• [What to work on]
Across the data below, count every line where the string "simulink" appears. Answer with the number alone.

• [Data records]
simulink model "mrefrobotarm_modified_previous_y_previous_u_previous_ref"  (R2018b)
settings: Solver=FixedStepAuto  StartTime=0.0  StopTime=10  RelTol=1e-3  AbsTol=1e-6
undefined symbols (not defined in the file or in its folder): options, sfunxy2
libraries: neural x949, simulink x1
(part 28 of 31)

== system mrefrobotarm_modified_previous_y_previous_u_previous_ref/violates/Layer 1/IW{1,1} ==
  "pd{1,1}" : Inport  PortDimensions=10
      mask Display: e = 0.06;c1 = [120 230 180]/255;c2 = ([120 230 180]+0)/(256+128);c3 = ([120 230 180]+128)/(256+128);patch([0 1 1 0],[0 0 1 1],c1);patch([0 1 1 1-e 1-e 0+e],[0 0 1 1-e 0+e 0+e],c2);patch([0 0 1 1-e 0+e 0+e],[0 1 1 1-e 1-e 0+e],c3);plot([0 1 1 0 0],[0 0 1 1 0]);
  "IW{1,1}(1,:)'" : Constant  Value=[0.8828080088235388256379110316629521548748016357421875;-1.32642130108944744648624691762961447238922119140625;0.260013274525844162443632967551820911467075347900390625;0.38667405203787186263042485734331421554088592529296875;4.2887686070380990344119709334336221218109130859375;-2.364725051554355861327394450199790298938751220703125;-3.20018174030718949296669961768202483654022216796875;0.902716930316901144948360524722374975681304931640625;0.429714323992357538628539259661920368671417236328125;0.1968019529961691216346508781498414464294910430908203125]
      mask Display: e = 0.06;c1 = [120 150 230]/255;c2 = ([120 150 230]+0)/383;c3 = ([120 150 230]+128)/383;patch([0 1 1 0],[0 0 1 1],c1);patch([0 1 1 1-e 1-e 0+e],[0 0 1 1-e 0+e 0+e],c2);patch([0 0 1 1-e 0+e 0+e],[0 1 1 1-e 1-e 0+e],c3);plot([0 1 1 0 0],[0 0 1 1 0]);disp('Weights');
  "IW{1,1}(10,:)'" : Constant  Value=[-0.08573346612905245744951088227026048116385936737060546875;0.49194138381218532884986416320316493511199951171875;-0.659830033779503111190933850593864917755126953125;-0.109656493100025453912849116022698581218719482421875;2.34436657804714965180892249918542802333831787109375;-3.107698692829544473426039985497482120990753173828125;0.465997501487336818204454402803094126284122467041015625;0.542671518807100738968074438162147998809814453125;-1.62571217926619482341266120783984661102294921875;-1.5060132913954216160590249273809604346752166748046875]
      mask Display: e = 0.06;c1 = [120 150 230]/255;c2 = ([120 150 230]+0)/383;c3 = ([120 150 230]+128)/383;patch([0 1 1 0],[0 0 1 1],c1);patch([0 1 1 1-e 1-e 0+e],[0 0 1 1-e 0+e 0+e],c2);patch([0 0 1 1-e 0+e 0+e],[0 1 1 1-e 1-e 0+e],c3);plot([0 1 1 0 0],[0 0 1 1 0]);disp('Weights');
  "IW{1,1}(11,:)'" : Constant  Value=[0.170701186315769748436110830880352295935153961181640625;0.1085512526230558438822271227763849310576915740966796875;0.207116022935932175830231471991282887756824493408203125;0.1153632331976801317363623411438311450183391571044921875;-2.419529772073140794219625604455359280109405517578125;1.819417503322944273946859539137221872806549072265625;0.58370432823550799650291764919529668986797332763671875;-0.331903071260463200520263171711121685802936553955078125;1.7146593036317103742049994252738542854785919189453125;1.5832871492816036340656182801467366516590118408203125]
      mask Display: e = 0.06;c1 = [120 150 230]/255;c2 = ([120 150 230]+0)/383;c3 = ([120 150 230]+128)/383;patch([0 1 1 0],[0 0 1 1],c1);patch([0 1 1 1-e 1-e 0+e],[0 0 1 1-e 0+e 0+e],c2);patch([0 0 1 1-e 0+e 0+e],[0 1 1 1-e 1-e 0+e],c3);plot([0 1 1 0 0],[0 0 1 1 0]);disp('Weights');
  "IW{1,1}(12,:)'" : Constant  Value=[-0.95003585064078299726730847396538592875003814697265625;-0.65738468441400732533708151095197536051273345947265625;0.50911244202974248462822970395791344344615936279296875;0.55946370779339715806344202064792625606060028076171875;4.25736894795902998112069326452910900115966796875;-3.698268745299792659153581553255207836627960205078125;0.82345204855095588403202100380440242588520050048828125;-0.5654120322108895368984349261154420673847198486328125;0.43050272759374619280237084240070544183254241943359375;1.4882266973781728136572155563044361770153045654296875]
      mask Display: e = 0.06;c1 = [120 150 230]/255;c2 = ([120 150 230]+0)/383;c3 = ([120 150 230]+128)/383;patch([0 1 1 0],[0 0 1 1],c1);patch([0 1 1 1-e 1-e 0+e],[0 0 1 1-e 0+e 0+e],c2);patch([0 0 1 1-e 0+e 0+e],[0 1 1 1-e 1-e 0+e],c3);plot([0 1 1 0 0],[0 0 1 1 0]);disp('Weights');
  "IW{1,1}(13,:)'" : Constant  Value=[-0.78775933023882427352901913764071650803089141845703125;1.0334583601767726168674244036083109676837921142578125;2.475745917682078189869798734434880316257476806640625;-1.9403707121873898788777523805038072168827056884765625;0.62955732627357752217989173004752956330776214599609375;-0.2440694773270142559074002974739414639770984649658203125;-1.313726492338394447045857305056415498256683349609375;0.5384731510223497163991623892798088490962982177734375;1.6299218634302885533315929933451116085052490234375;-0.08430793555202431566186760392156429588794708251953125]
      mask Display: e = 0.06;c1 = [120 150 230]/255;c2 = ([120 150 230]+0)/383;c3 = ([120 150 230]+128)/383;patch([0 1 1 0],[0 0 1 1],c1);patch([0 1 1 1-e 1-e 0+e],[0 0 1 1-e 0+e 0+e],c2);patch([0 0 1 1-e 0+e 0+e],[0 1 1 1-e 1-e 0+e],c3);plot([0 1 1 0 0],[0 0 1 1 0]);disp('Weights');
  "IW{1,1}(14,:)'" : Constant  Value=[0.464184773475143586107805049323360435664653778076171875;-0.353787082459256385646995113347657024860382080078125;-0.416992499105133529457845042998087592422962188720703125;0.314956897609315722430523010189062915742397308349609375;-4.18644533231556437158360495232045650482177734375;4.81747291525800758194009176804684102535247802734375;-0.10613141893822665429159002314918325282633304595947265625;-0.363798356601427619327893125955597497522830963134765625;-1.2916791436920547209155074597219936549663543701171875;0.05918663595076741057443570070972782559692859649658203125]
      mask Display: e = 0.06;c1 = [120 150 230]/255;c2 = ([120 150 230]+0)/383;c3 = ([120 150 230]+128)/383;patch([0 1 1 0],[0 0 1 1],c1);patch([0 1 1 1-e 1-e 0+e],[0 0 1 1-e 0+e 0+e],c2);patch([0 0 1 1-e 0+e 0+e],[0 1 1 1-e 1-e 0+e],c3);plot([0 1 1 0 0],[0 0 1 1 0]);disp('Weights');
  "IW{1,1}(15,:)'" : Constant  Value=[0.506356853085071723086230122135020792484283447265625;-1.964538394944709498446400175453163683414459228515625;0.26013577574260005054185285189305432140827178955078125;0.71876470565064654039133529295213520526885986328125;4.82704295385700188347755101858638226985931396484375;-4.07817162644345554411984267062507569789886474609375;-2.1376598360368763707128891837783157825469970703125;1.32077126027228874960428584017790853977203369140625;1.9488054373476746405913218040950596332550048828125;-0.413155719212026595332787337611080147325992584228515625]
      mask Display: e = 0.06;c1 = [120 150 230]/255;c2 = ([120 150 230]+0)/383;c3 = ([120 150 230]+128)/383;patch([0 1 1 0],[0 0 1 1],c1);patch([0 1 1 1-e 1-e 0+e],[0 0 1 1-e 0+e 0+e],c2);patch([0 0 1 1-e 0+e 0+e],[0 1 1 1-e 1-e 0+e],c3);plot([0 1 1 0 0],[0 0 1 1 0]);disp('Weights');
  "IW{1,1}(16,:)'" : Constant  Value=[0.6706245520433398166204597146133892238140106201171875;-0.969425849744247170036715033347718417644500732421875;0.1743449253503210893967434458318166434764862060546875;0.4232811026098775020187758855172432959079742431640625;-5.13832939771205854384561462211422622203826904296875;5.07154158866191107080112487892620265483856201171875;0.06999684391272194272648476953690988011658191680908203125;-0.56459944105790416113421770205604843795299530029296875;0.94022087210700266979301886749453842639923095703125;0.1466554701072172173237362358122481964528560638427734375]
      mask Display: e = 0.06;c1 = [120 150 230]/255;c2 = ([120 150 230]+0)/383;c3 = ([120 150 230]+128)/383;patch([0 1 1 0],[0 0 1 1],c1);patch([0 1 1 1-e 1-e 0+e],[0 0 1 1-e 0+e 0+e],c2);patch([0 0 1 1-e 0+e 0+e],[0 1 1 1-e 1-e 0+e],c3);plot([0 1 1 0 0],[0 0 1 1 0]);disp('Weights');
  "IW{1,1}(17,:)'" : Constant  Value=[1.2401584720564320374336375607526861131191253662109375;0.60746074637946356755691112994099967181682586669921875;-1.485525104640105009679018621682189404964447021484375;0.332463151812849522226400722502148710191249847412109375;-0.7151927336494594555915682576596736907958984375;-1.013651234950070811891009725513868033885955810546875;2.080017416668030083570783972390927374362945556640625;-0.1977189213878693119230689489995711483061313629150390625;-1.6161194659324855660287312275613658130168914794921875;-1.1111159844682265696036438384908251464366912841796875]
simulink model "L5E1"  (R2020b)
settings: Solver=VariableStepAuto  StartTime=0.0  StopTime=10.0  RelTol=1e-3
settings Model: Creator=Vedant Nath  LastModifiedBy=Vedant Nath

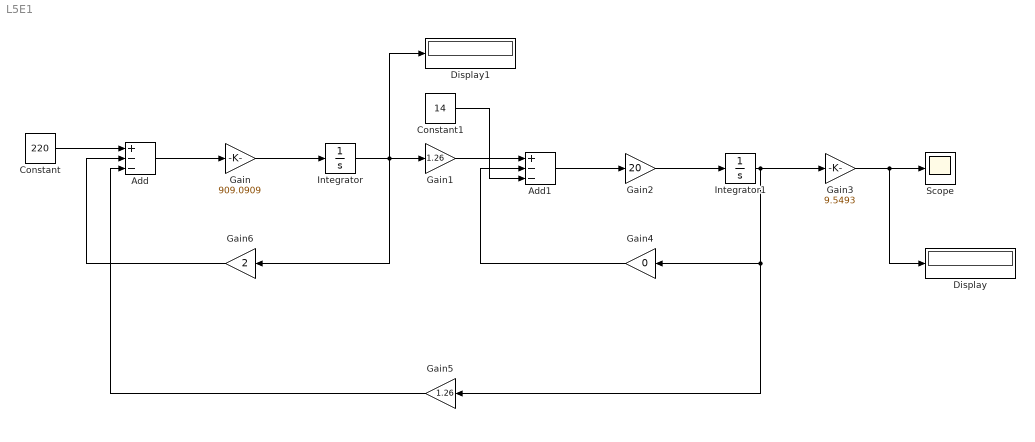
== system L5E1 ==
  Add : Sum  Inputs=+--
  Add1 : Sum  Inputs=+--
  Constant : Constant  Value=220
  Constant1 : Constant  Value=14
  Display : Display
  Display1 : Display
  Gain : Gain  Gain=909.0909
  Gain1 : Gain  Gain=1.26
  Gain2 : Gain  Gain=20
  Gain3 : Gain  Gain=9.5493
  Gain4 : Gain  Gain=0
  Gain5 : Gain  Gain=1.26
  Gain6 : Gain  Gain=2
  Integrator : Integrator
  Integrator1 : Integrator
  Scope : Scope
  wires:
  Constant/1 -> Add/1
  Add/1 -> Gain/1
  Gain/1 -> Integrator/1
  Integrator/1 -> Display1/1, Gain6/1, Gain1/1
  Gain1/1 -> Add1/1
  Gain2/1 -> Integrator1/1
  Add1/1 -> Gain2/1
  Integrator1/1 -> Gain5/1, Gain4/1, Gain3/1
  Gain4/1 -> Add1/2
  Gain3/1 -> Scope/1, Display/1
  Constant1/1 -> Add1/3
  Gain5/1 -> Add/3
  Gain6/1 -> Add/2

• [Reply]
3